26 Kasım 2008 Çarşamba

mevsimler



her mevsimin ayrı tadı var. ben de geçişlerinin tadını çok severim salt mevsimi sevmektense. dengesiz bi insanım ya, salt dengeden hoşlanmıyorum sanırım. salt mutluluk salt acı salt kahkaha salt gözyaşı sevmediğim gibi bişey bu.
her mevsimin tadı var da bu geçişlerin tadını hiç bir şeye değişmem. yazın sonbahara geçmesi sonbaharın kışa kışın bahara baharın yaza geçmesi gibi. sıradanlığı sevmememden ve süprizlere bayılıyor olmamdan kaynaklı olucak.
bir sabah gözlerimi açtığımda pencereyi araladığımda yağan yağmuru görürken ertesi sabah güneşle uyanmak kadar güzel bir şey yok hayatta.
bir gün kısacık etek giyip dışarı çıkıp donarken ertesi gün bugün de soğuk olur diye kazan giyip aman tanrım düşünceleri arasında terden ölmek de güzeldir. şakacı toprak ana diye yüzüme yerleşen sıcacık gülümseme, soğuktan üşümüş bir kedinin kokumu alıp koşarak gelip ayaklarıma sürünüp kucağıma çıkıp koynuma girmesi, çıkardığım kuş seslerine bakakalan serçeler, gövdelerine dokunduğumda varlıklarını tüm bedenimde hissettiğim ağaçlar ve gelicek baharda yeniden açmak üzere kendilerini saklayan çiçekler... herşey o kadar güzel ki, hayat bu ki...
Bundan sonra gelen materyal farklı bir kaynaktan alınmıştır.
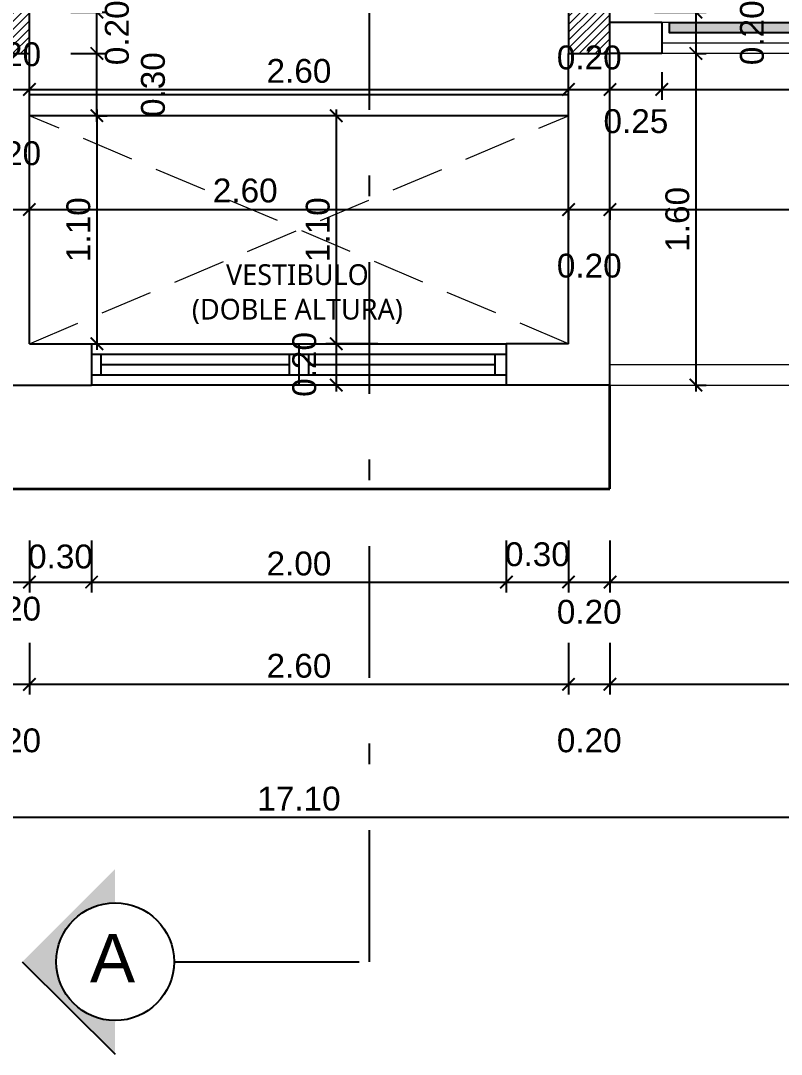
# Model space of a CAD drawing. Header units: feet. Extents: x -417 to 46, y -646 to -218.
# Drawn here: x -70.53 to -66.862, y -314.185 to -309.199 of the extents above; entities that cross this region are included whole.
import ezdxf

# ---------------------------------------------------------------- set-up
doc = ezdxf.new("R2010")
doc.units = ezdxf.units.FT
doc.header["$MEASUREMENT"] = 0
doc.linetypes.add('DASHDOT', pattern=[25.4, 12.7, -6.35, 0, -6.35])
doc.linetypes.add('DASHED', pattern=[19.049999999999997, 12.7, -6.349999999999999])
for name, color, linetype, lineweight in [('A-GENM', 8, 'Continuous', 9), ('A-WALL', 4, 'Continuous', 25), ('closet', 8, 'Continuous', 5), ('DIM-COTAS', 1, 'Continuous', 5), ('MB', 2, 'Continuous', 20), ('Piso', 8, 'Continuous', 9), ('TXT', 2, 'Continuous', 9), ('vuelo', 251, 'DASHED', 13)]:
    doc.layers.add(name, color=color, linetype=linetype, lineweight=lineweight)
for name, color, linetype in [('columna', 9, 'Continuous'), ('DIM', 10, 'Continuous'), ('escalera', 2, 'Continuous'), ('GRDUTIY', 5, 'Continuous'), ('PERT-VENT', 2, 'Continuous'), ('TEXXT', 8, 'Continuous')]:
    doc.layers.add(name, color=color, linetype=linetype)
doc.styles.add('ads', font='trebuc.ttf', dxfattribs={"height": 0.14})
doc.styles.add('DAMIAN', font='arial.ttf', dxfattribs={"height": 0.12})
doc.styles.get("Standard").update_dxf_attribs({"font": 'arial.ttf', "height": 0.115})
doc.dimstyles.new('KEILY', dxfattribs={"dimtxt": 0.115, "dimasz": 0.06, "dimexe": 0.05, "dimexo": 0.2, "dimgap": 0.03, "dimtad": 1, "dimzin": 1, "dimdsep": 46, "dimtxsty": 'Standard', "dimblk": 'ARCHTICK', "dimcen": 2.5, "dimdle": 0.03, "dimclrd": 256, "dimclre": 256, "dimclrt": 7, "dimadec": 0, "dimazin": 0, "dimtfac": 1, "dimtmove": 2, "dimatfit": 3, "dimfxl": 0.2, "dimfxlon": 1, "dimtolj": 1, "dimtzin": 1, "dimarcsym": 0})

# ---------------------------------------------------------------- blocks, each defined once
blk = doc.blocks.new('A$C78C8556F')
at = {"layer": 'PERT-VENT', "extrusion": (-2.366591124771848e-12, 8.947716500358402e-16, -1)}
for p, q in [((3.738375369266578e-07, 0.2000000000506361), (2.000000373837537, 0.200000000050693)), ((1.000000373837537, 0.200000000049954), (1.000000373837594, 4.982325663149823e-11)), ((3.738375653483672e-07, 0.1500000000506816), (2.000000373837366, 0.1500000000507669)), ((0.9533337071710264, 0.1500000000497437), (0.9533337071709127, 0.05000000004957883)), ((1.046667040504133, 0.1500000000496868), (1.04666704050419, 0.05000000004989147)), ((1.946169447620946, 0.05000000005063043), (1.946169447620974, 0.1500000000507384)), ((0.04666704050416115, 0.1000000000506134), (0.9533337071708559, 0.1000000000497607)), ((1.046667040504275, 0.1000000000495618), (1.946169447620974, 0.1000000000506134)), ((3.738375369266578e-07, 0.05000000005063043), (2.00000037383748, 0.05000000005065885)), ((2.000000373837395, 5.067590791441035e-11), (3.738374800832389e-07, 5.073275133327115e-11))]:
    blk.add_line(p, q, dxfattribs=at)
at = {"layer": 'PERT-VENT'}
blk.add_line((0.04666704050416115, 0.0500000000507157), (0.04666704050421799, 0.1500000000505111), dxfattribs=at)
blk = doc.blocks.new('A$C5EA57A7C')
for points in [[(1.475098267163219, 0.1000001273037014), (2.362499865527667, 0.1000001273035309), (2.362499865527667, 0.1500001273035423), (1.475098267163332, 0.150000127303656)], [(0.735488858979636, 0.05000012730374692), (1.600098267163304, 0.05000012730363323), (1.600098267163332, 0.1000001273036446), (0.735488858979636, 0.1000001273037014)], [(0.0375004562012009, 1.273034513360471e-07), (0.8604888589797213, 1.273038492399792e-07), (0.8604888589796928, 0.05000012730380377), (0.0375004562012009, 0.05000012730351955)]]:
    blk.add_hatch(color=256).paths.add_polyline_path(points)
at = {"layer": 'PERT-VENT', "extrusion": (-6.288880677460709e-16, -1.940366471243193e-15, -1)}
for points in [[(-1.475098267163219, 0.1000001273037014), (-2.362499865527667, 0.1000001273035309), (-2.362499865527667, 0.1500001273035423), (-1.475098267163332, 0.150000127303656)], [(-0.735488858979636, 0.05000012730374692), (-1.600098267163304, 0.05000012730363323), (-1.600098267163332, 0.1000001273036446), (-0.735488858979636, 0.1000001273037014)], [(-0.0375004562012009, 1.273034513360471e-07), (-0.8604888589797497, 1.273037355531415e-07), (-0.8604888589797213, 0.05000012730369008), (-0.0375004562012009, 0.05000012730351955)]]:
    blk.add_lwpolyline(points, close=True, dxfattribs=at)
at = {"layer": 'Piso'}
for p, q in [((4.562011213238293e-07, 0.1500001273043381), (2.400000456201184, 0.1500001273035991)), ((4.562011781672481e-07, 1.273034513360471e-07), (2.400000456201184, 1.273042471439112e-07))]:
    blk.add_line(p, q, dxfattribs=at)
at = {"layer": 'Piso', "extrusion": (-6.288880677460709e-16, -1.940366471243193e-15, -1)}
for p, q in [((0.8229888589796701, 0.1000001273037014), (4.562012065889576e-07, 0.1000001273035309)), ((1.600098267163304, 0.05000012730363323), (2.400000456201184, 0.05000012730363323))]:
    blk.add_line(p, q, dxfattribs=at)
blk = doc.blocks.new('_ArchTick')
at = {"layer": 'DIM-COTAS', "color": 0, "const_width": 0.15}
blk.add_lwpolyline([(-0.5, -0.5), (0.5, 0.5)], dxfattribs=at)
blk = doc.blocks.new('*D788')
at = {"layer": 'Defpoints', "color": 0, "transparency": 16777216}
for p in [(-64.86451343938853, -310.9570197766337), (-59.97139579834058, -310.9570197766337), (-68.06451343938836, -311.5036414858855)]:
    blk.add_point(p, dxfattribs=at)
at = {"layer": 'DIM', "lineweight": -2, "transparency": 16777216}
for p, q in [((-60.17139579834058, -310.9570197766337), (-59.92139579834058, -310.9570197766337)), ((-59.97139579834058, -311.5336414858854), (-59.97139579834058, -310.9270197766338)), ((-60.17139579834058, -311.5036414858855), (-59.92139579834058, -311.5036414858855))]:
    blk.add_line(p, q, dxfattribs=at)
at = {"layer": 'DIM', "lineweight": -2, "transparency": 16777216, "xscale": 0.06, "yscale": 0.06, "zscale": 0.06}
for p, rotation in [((-59.97139579834058, -310.9570197766337), 90), ((-59.97139579834058, -311.5036414858855), 270)]:
    blk.add_blockref('_ArchTick', p, dxfattribs=dict(at, rotation=rotation))
at = {"layer": 'DIM', "color": 7, "transparency": 16777216, "insert": (-60.06011169192853, -311.2303306312596), "char_height": 0.115, "attachment_point": 5, "rotation": 90}
blk.add_mtext('\\A1;0.55', dxfattribs=at)
blk = doc.blocks.new('*D966')
at = {"layer": 'Defpoints', "color": 0, "transparency": 16777216}
for p in [(-70.48826303692451, -310.7570197766337), (-70.68826303692438, -310.9570197766337), (-70.48826303692451, -311.9068582722006)]:
    blk.add_point(p, dxfattribs=at)
at = {"layer": 'DIM', "lineweight": -2, "transparency": 16777216}
for p, q in [((-70.68826303692438, -311.7068582722006), (-70.68826303692438, -311.9568582722006)), ((-70.48826303692451, -311.7068582722006), (-70.48826303692451, -311.9568582722006)), ((-70.71826303692438, -311.9068582722006), (-70.4582630369245, -311.9068582722006))]:
    blk.add_line(p, q, dxfattribs=at)
at = {"layer": 'DIM', "lineweight": -2, "transparency": 16777216, "xscale": 0.06, "yscale": 0.06, "zscale": 0.06, "rotation": 180}
blk.add_blockref('_ArchTick', (-70.68826303692438, -311.9068582722006), dxfattribs=at)
at = {"layer": 'DIM', "lineweight": -2, "transparency": 16777216, "xscale": 0.06, "yscale": 0.06, "zscale": 0.06}
blk.add_blockref('_ArchTick', (-70.48826303692451, -311.9068582722006), dxfattribs=at)
at = {"layer": 'DIM', "color": 7, "transparency": 16777216, "insert": (-70.58826303692445, -312.0359015972965), "char_height": 0.115, "attachment_point": 5}
blk.add_mtext('\\A1;0.20', dxfattribs=at)
blk = doc.blocks.new('*D967')
at = {"layer": 'Defpoints', "color": 0, "transparency": 16777216}
for p in [(-70.48826303692451, -310.7570197766337), (-70.1882630369247, -310.9570197766337), (-70.1882630369247, -311.9068582722006)]:
    blk.add_point(p, dxfattribs=at)
at = {"layer": 'DIM', "lineweight": -2, "transparency": 16777216}
for p, q in [((-70.48826303692451, -311.7068582722006), (-70.48826303692451, -311.9568582722006)), ((-70.1882630369247, -311.7068582722006), (-70.1882630369247, -311.9568582722006)), ((-70.51826303692451, -311.9068582722006), (-70.1582630369247, -311.9068582722006))]:
    blk.add_line(p, q, dxfattribs=at)
at = {"layer": 'DIM', "lineweight": -2, "transparency": 16777216, "xscale": 0.06, "yscale": 0.06, "zscale": 0.06, "rotation": 180}
blk.add_blockref('_ArchTick', (-70.48826303692451, -311.9068582722006), dxfattribs=at)
at = {"layer": 'DIM', "lineweight": -2, "transparency": 16777216, "xscale": 0.06, "yscale": 0.06, "zscale": 0.06}
blk.add_blockref('_ArchTick', (-70.1882630369247, -311.9068582722006), dxfattribs=at)
at = {"layer": 'DIM', "color": 7, "transparency": 16777216, "insert": (-70.3382630369246, -311.784303807052), "char_height": 0.115, "attachment_point": 5}
blk.add_mtext('\\A1;0.30', dxfattribs=at)
blk = doc.blocks.new('*D968')
at = {"layer": 'Defpoints', "color": 0, "transparency": 16777216}
for p in [(-70.1882630369247, -310.9570197766337), (-68.18826303692464, -310.9570197766337), (-68.18826303692464, -311.9068582722006)]:
    blk.add_point(p, dxfattribs=at)
at = {"layer": 'DIM', "lineweight": -2, "transparency": 16777216}
for p, q in [((-70.1882630369247, -311.7068582722006), (-70.1882630369247, -311.9568582722006)), ((-68.18826303692464, -311.7068582722006), (-68.18826303692464, -311.9568582722006)), ((-70.2182630369247, -311.9068582722006), (-68.15826303692464, -311.9068582722006))]:
    blk.add_line(p, q, dxfattribs=at)
at = {"layer": 'DIM', "lineweight": -2, "transparency": 16777216, "xscale": 0.06, "yscale": 0.06, "zscale": 0.06, "rotation": 180}
blk.add_blockref('_ArchTick', (-70.1882630369247, -311.9068582722006), dxfattribs=at)
at = {"layer": 'DIM', "lineweight": -2, "transparency": 16777216, "xscale": 0.06, "yscale": 0.06, "zscale": 0.06}
blk.add_blockref('_ArchTick', (-68.18826303692464, -311.9068582722006), dxfattribs=at)
at = {"layer": 'DIM', "color": 7, "transparency": 16777216, "insert": (-69.18826303692467, -311.8181423786126), "char_height": 0.115, "attachment_point": 5}
blk.add_mtext('\\A1;2.00', dxfattribs=at)
blk = doc.blocks.new('*D928')
at = {"layer": 'Defpoints', "color": 0, "transparency": 16777216}
for p in [(-67.8882630369246, -310.7570197766337), (-68.18826303692464, -310.9570197766337), (-67.8882630369246, -311.9068582722006)]:
    blk.add_point(p, dxfattribs=at)
at = {"layer": 'DIM', "lineweight": -2, "transparency": 16777216}
for p, q in [((-68.18826303692464, -311.7068582722006), (-68.18826303692464, -311.9568582722006)), ((-67.8882630369246, -311.7068582722006), (-67.8882630369246, -311.9568582722006)), ((-68.21826303692464, -311.9068582722006), (-67.8582630369246, -311.9068582722006))]:
    blk.add_line(p, q, dxfattribs=at)
at = {"layer": 'DIM', "lineweight": -2, "transparency": 16777216, "xscale": 0.06, "yscale": 0.06, "zscale": 0.06, "rotation": 180}
blk.add_blockref('_ArchTick', (-68.18826303692464, -311.9068582722006), dxfattribs=at)
at = {"layer": 'DIM', "lineweight": -2, "transparency": 16777216, "xscale": 0.06, "yscale": 0.06, "zscale": 0.06}
blk.add_blockref('_ArchTick', (-67.8882630369246, -311.9068582722006), dxfattribs=at)
at = {"layer": 'DIM', "color": 7, "transparency": 16777216, "insert": (-68.03826303692462, -311.773414994905), "char_height": 0.115, "attachment_point": 5}
blk.add_mtext('\\A1;0.30', dxfattribs=at)
blk = doc.blocks.new('*D929')
at = {"layer": 'Defpoints', "color": 0, "transparency": 16777216}
for p in [(-67.8882630369246, -310.7570197766337), (-67.68826303692467, -310.9570197766337), (-67.68826303692467, -311.9068582722006)]:
    blk.add_point(p, dxfattribs=at)
at = {"layer": 'DIM', "lineweight": -2, "transparency": 16777216}
for p, q in [((-67.8882630369246, -311.7068582722006), (-67.8882630369246, -311.9568582722006)), ((-67.68826303692467, -311.7068582722006), (-67.68826303692467, -311.9568582722006)), ((-67.9182630369246, -311.9068582722006), (-67.65826303692467, -311.9068582722006))]:
    blk.add_line(p, q, dxfattribs=at)
at = {"layer": 'DIM', "lineweight": -2, "transparency": 16777216, "xscale": 0.06, "yscale": 0.06, "zscale": 0.06, "rotation": 180}
blk.add_blockref('_ArchTick', (-67.8882630369246, -311.9068582722006), dxfattribs=at)
at = {"layer": 'DIM', "lineweight": -2, "transparency": 16777216, "xscale": 0.06, "yscale": 0.06, "zscale": 0.06}
blk.add_blockref('_ArchTick', (-67.68826303692467, -311.9068582722006), dxfattribs=at)
at = {"layer": 'DIM', "color": 7, "transparency": 16777216, "insert": (-67.78826303692463, -312.0509196839556), "char_height": 0.115, "attachment_point": 5}
blk.add_mtext('\\A1;0.20', dxfattribs=at)
blk = doc.blocks.new('*D930')
at = {"layer": 'Defpoints', "color": 0, "transparency": 16777216}
for p in [(-64.63826303692468, -310.2070197766337), (-67.68826303692467, -310.9570197766337), (-64.63826303692468, -311.9068582722006)]:
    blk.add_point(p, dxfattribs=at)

ıslakmış değilmiş bakmadan çimlere uzanmak, çamur olmuş olmamış dert etmeden doğayı teninde hissetmek...
kütüphane de ders çalışırken yüreğinin burkulması ile nefes alamayıp toplanıp kendini arkadaşlarının yanına atmak üzere kendini dışarıda bulmak, ve kütüphaneden çarşıya giden yol boyunca sabah güneşten terlediğin havanın nasıl da bir anda değişebiliceğini iliklerinde buz gibi hissetmek.... en güzeli de, fiziğe çıkan merdivenlerin başında durup yola baktığında aniden esen rüzgarın ağaçların sapsarı yapraklarını konfeti gibi üzerine serperek ıslıklar eşliğinde seni kucaklamaya hazırlanmış olması...
karanlık ufaktefek ışıklar sen ve yalnızca doğa...
içindeki sıkıntıyı alıp da ne kadar güzel bir şeye tapındığımı göstermeye yeter de artar...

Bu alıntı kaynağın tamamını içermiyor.